- [Work instruction] Below are entries; print them exactly from the first line through the one containing "#4=PRODUCT('Part','Part','',(#3));".

(Collected data entries)

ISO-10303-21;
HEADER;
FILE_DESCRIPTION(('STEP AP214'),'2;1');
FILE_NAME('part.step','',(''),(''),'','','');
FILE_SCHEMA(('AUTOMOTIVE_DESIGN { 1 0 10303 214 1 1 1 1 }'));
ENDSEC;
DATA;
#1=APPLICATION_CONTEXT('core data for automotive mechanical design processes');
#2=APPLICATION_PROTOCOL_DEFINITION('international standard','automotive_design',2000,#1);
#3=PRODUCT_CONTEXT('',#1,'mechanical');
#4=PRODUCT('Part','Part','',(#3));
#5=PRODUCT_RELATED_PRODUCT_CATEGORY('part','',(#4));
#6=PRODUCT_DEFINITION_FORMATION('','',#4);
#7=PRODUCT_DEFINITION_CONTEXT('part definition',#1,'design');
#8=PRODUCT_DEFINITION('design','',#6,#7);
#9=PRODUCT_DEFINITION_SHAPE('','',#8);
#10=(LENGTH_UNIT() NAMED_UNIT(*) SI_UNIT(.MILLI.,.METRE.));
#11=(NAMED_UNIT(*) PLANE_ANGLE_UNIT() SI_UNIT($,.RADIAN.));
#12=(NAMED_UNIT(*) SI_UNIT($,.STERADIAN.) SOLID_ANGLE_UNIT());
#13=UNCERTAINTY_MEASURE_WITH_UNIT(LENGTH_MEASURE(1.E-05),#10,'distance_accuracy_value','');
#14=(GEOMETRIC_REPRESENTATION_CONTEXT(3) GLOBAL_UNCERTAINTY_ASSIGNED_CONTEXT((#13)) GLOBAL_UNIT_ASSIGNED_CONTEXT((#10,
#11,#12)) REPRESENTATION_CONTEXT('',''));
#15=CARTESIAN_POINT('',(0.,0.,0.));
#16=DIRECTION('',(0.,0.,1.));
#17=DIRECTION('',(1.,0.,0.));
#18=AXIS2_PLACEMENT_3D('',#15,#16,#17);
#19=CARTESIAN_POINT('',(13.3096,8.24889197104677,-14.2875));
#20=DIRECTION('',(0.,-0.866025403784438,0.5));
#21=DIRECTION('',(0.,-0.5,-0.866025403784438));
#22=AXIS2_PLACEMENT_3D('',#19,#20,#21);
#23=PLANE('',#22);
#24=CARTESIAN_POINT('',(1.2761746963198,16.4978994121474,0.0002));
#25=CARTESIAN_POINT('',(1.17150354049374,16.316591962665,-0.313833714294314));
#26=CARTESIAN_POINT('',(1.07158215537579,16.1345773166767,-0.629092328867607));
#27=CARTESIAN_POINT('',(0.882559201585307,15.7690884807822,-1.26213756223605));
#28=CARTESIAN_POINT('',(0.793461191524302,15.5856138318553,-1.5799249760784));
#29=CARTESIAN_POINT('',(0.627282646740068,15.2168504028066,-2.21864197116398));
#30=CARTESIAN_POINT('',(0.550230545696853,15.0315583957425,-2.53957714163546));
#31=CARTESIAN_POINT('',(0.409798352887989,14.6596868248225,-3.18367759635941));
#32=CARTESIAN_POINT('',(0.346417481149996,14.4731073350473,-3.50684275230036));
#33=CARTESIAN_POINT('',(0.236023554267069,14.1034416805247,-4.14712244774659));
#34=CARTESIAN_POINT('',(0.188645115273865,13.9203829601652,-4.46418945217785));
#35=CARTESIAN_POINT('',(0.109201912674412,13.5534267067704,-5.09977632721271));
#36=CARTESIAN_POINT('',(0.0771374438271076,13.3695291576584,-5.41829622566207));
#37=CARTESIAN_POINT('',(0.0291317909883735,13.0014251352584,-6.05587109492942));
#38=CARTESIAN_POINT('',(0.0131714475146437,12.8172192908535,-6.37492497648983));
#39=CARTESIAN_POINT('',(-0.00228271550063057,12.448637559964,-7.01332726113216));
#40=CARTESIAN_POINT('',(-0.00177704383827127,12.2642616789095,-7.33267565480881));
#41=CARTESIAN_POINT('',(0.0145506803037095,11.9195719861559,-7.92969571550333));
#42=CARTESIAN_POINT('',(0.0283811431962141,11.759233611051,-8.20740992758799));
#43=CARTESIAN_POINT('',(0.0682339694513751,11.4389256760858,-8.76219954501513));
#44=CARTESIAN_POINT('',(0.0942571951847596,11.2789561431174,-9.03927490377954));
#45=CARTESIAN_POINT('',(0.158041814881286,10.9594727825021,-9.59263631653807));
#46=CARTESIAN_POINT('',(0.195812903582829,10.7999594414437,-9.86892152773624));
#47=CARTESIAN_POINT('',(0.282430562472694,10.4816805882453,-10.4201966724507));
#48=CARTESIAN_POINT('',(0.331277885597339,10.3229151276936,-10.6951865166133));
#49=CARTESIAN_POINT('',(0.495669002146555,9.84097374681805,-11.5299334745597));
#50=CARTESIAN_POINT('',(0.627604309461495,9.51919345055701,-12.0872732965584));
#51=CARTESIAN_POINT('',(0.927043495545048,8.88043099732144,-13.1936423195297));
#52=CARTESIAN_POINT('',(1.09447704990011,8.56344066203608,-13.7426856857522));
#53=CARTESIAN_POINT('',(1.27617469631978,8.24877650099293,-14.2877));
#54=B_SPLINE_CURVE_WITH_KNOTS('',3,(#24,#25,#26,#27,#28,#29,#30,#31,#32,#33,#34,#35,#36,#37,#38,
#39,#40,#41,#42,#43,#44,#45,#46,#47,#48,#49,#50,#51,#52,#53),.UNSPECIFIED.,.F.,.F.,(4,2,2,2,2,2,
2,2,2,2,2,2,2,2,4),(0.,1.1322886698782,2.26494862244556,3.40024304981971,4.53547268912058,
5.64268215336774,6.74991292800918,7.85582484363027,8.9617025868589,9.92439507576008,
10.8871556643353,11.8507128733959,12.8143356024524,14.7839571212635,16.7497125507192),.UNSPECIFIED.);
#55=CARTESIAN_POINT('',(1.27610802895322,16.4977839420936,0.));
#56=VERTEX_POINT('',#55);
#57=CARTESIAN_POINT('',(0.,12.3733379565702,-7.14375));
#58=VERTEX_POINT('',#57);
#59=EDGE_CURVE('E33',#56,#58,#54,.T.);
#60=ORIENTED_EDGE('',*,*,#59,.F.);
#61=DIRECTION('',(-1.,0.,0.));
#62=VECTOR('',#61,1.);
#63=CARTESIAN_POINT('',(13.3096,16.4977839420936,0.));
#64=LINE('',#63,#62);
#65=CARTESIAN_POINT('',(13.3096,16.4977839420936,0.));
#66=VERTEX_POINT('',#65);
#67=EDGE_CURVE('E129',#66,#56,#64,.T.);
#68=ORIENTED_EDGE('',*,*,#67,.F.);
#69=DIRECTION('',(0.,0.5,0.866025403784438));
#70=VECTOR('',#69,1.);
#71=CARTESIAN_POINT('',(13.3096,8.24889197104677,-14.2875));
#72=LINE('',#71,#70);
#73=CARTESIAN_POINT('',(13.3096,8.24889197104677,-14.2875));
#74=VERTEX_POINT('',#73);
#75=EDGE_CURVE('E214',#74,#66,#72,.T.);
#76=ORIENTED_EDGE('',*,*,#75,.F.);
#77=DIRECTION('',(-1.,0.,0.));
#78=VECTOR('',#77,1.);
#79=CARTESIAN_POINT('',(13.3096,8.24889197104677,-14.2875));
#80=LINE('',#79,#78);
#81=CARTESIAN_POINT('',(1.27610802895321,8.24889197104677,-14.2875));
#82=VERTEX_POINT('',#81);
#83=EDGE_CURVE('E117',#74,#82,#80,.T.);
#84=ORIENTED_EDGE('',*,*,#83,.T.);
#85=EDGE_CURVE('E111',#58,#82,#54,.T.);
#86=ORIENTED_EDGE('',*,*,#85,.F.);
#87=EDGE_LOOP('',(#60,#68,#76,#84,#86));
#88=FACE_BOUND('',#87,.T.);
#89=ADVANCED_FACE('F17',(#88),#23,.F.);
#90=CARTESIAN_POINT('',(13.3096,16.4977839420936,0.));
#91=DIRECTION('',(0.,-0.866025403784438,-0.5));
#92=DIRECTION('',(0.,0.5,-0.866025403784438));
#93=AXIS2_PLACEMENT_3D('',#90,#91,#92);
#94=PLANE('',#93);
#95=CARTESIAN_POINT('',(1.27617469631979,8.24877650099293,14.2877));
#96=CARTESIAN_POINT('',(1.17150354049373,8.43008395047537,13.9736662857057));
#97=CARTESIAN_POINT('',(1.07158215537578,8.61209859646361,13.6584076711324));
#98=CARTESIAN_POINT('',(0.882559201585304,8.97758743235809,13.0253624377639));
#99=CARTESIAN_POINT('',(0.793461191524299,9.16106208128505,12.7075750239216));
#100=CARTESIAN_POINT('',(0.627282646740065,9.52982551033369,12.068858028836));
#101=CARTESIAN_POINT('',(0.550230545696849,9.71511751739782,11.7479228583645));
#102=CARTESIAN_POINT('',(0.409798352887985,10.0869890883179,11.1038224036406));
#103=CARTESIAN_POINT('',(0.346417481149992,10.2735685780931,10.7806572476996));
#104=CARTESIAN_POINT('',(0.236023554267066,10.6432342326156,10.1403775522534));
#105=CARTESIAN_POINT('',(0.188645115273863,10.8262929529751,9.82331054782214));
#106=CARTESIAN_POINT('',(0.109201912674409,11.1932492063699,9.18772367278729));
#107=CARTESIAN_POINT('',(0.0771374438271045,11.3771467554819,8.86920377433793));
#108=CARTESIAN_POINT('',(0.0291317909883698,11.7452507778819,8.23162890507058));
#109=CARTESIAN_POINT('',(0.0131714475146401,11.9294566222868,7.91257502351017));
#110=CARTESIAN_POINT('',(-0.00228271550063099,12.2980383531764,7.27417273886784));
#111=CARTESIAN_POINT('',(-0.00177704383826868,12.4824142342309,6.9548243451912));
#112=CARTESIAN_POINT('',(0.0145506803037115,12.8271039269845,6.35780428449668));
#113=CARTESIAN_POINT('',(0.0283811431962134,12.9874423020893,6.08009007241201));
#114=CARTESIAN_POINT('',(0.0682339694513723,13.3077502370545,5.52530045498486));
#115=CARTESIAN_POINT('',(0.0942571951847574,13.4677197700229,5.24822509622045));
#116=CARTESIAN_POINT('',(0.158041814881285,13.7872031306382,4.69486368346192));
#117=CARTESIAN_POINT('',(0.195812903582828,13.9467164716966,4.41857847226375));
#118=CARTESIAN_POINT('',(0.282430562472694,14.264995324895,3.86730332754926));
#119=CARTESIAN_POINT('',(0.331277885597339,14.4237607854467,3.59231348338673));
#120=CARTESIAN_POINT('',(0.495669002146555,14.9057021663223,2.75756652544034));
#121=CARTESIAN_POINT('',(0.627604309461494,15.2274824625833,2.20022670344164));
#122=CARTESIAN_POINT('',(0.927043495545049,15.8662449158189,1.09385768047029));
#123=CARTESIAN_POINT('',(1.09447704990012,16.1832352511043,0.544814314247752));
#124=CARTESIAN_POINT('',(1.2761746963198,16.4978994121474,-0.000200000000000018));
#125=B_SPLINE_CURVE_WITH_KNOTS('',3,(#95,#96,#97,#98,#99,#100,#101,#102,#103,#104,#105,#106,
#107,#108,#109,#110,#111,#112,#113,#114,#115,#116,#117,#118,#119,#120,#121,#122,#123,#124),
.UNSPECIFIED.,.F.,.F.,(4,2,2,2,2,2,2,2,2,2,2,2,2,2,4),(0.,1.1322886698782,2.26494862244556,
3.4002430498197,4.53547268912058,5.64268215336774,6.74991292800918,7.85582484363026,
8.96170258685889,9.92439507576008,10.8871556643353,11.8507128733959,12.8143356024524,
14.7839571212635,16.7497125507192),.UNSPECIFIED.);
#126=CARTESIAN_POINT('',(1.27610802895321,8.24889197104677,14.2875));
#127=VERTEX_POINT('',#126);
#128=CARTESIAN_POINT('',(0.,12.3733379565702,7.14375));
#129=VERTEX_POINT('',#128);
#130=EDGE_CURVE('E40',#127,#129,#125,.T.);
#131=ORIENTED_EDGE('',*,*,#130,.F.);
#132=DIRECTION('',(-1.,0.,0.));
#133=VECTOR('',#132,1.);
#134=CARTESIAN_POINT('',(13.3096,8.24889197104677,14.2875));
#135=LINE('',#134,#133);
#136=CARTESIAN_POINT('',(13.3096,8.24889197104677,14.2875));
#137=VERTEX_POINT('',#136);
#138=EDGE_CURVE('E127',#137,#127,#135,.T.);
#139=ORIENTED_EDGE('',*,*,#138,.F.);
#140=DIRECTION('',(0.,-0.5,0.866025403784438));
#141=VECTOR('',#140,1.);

- [Answer for this exercise]
ISO-10303-21;
HEADER;
FILE_DESCRIPTION(('STEP AP214'),'2;1');
FILE_NAME('part.step','',(''),(''),'','','');
FILE_SCHEMA(('AUTOMOTIVE_DESIGN { 1 0 10303 214 1 1 1 1 }'));
ENDSEC;
DATA;
#1=APPLICATION_CONTEXT('core data for automotive mechanical design processes');
#2=APPLICATION_PROTOCOL_DEFINITION('international standard','automotive_design',2000,#1);
#3=PRODUCT_CONTEXT('',#1,'mechanical');
#4=PRODUCT('Part','Part','',(#3));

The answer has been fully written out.